◆ **Work item**
In the entries below, how many lines contain the string "units"? Respond with the number only.

-- Dataset entries follows --

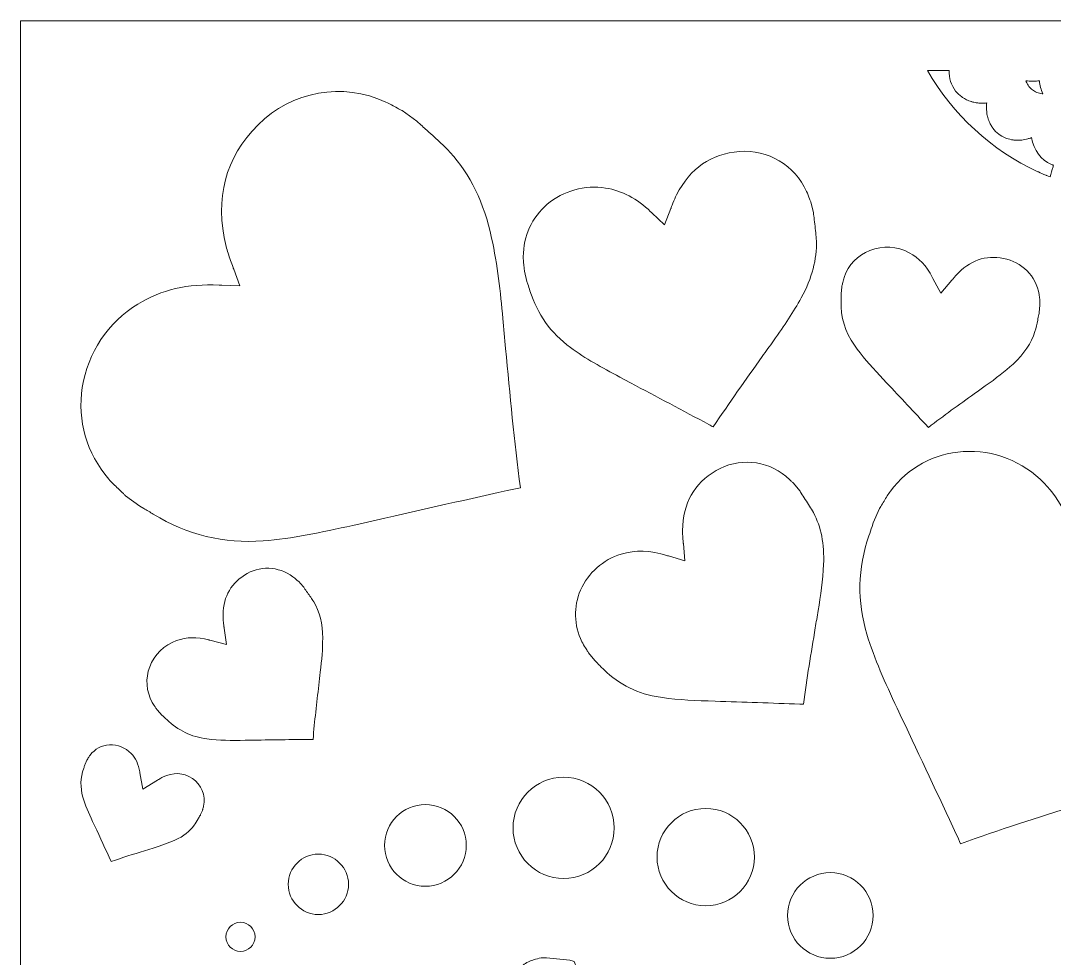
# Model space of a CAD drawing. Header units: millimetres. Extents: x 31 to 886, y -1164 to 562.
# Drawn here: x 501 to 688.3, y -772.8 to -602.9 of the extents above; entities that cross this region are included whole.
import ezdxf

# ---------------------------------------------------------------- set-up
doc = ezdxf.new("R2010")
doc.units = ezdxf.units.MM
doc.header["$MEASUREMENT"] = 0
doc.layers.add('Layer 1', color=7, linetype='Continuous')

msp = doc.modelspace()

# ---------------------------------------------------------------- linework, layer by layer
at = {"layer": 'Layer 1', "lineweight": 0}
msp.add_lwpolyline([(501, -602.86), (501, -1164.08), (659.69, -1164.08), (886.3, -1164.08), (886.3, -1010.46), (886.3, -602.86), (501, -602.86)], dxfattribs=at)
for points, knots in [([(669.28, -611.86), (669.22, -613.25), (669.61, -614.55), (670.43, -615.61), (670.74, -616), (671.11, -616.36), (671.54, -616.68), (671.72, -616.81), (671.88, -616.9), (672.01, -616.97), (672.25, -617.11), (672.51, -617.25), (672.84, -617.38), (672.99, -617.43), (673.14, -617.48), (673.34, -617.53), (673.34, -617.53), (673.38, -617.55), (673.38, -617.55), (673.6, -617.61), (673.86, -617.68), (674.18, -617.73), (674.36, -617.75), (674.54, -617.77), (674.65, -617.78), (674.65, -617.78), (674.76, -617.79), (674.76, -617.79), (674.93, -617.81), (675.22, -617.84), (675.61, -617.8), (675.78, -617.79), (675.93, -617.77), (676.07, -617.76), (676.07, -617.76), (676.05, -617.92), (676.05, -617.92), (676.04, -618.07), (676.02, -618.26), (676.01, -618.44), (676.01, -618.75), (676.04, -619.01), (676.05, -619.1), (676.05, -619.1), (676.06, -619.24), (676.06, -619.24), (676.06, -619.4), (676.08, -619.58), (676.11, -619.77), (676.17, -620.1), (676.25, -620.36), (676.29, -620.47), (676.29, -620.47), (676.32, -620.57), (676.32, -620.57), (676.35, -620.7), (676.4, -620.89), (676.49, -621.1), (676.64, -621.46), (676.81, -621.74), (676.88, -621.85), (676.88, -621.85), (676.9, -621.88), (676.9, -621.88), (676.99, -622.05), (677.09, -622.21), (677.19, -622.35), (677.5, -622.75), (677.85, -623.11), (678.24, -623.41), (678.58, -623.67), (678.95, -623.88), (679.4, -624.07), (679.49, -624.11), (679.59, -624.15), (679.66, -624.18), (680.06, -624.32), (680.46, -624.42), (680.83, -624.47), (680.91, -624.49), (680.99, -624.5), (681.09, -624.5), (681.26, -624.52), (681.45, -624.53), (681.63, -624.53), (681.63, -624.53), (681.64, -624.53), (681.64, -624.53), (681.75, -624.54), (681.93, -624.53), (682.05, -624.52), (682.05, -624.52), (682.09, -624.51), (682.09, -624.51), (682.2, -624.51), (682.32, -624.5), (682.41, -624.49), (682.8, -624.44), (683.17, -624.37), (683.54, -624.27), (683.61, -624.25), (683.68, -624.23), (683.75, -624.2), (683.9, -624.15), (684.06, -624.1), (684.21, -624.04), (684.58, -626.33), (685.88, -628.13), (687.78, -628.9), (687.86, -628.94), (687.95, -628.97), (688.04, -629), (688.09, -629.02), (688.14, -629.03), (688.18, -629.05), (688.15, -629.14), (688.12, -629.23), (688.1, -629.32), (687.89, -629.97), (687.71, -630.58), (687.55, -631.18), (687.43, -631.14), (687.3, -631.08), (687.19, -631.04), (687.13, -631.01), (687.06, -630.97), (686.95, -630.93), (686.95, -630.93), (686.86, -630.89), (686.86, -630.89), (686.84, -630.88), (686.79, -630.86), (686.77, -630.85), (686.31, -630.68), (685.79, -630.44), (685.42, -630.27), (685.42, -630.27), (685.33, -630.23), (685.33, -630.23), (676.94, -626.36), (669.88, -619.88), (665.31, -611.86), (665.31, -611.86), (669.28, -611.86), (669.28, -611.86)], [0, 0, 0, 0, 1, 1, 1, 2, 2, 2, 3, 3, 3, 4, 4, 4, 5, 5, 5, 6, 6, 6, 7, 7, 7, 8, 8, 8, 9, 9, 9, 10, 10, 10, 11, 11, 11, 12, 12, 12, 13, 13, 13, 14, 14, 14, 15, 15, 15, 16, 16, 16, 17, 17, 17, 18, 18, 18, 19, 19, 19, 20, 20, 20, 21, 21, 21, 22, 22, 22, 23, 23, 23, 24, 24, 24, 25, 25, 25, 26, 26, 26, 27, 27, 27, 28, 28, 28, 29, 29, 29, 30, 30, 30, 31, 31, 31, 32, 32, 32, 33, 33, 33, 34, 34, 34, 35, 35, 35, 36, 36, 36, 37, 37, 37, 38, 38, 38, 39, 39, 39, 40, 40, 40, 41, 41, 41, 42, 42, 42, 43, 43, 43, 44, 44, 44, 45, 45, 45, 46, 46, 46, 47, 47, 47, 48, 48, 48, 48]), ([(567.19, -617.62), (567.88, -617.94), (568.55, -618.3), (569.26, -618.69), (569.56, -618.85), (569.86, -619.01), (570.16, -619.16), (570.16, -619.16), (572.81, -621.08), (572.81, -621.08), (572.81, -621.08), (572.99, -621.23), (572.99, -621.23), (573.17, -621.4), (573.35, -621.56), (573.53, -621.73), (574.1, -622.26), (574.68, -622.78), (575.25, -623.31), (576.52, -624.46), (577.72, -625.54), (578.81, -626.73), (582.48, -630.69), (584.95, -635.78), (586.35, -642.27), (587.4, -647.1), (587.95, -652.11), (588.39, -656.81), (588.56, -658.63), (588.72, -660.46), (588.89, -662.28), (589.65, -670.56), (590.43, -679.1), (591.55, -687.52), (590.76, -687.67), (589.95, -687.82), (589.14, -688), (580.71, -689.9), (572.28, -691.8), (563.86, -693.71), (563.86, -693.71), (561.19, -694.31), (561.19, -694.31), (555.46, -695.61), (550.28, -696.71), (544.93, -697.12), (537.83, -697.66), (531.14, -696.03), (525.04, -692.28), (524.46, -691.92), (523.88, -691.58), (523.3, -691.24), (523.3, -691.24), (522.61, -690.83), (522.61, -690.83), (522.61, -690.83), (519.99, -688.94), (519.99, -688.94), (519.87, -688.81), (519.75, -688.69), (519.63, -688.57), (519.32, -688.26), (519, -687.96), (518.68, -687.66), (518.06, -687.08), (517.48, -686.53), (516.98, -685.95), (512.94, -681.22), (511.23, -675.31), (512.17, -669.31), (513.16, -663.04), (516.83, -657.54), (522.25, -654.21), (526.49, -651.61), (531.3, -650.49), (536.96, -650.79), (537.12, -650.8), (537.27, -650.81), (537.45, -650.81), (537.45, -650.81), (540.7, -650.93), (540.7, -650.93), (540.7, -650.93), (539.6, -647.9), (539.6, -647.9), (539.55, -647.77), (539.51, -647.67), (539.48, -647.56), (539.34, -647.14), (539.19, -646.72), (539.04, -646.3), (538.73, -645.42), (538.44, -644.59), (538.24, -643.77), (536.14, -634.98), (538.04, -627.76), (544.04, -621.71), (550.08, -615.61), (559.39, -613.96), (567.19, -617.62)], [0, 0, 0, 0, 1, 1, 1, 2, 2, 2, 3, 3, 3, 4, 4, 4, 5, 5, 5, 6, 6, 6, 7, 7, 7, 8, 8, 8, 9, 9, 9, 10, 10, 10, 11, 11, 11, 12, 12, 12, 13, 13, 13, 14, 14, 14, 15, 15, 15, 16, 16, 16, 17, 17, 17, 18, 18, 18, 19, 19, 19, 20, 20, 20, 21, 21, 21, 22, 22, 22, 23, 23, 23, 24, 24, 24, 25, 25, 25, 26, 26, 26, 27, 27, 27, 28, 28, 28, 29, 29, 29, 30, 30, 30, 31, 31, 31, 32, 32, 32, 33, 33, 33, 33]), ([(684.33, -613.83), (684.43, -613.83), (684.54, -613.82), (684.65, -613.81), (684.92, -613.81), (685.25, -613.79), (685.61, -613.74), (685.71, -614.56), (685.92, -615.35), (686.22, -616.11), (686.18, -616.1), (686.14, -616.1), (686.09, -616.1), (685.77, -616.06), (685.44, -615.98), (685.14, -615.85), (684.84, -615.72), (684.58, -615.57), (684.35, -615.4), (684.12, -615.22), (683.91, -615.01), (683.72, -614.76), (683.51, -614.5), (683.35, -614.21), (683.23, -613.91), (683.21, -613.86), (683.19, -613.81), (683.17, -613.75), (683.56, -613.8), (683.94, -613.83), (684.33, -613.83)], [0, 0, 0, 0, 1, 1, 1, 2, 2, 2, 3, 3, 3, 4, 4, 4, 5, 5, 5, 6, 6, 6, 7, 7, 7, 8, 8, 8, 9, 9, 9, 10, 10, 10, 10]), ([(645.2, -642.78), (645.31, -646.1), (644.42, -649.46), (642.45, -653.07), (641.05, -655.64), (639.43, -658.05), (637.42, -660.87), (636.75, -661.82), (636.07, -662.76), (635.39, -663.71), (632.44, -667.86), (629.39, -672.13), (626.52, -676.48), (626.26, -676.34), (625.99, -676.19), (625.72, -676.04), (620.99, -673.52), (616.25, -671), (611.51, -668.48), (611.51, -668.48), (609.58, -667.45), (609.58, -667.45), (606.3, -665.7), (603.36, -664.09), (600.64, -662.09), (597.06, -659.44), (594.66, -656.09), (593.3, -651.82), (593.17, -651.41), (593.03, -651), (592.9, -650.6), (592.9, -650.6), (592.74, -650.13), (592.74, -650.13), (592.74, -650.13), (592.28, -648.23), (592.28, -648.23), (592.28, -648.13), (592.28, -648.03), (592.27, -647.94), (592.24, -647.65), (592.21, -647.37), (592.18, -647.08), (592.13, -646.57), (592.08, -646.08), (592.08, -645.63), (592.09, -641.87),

-- Dataset entries concluded --

◆ **Answer space**
2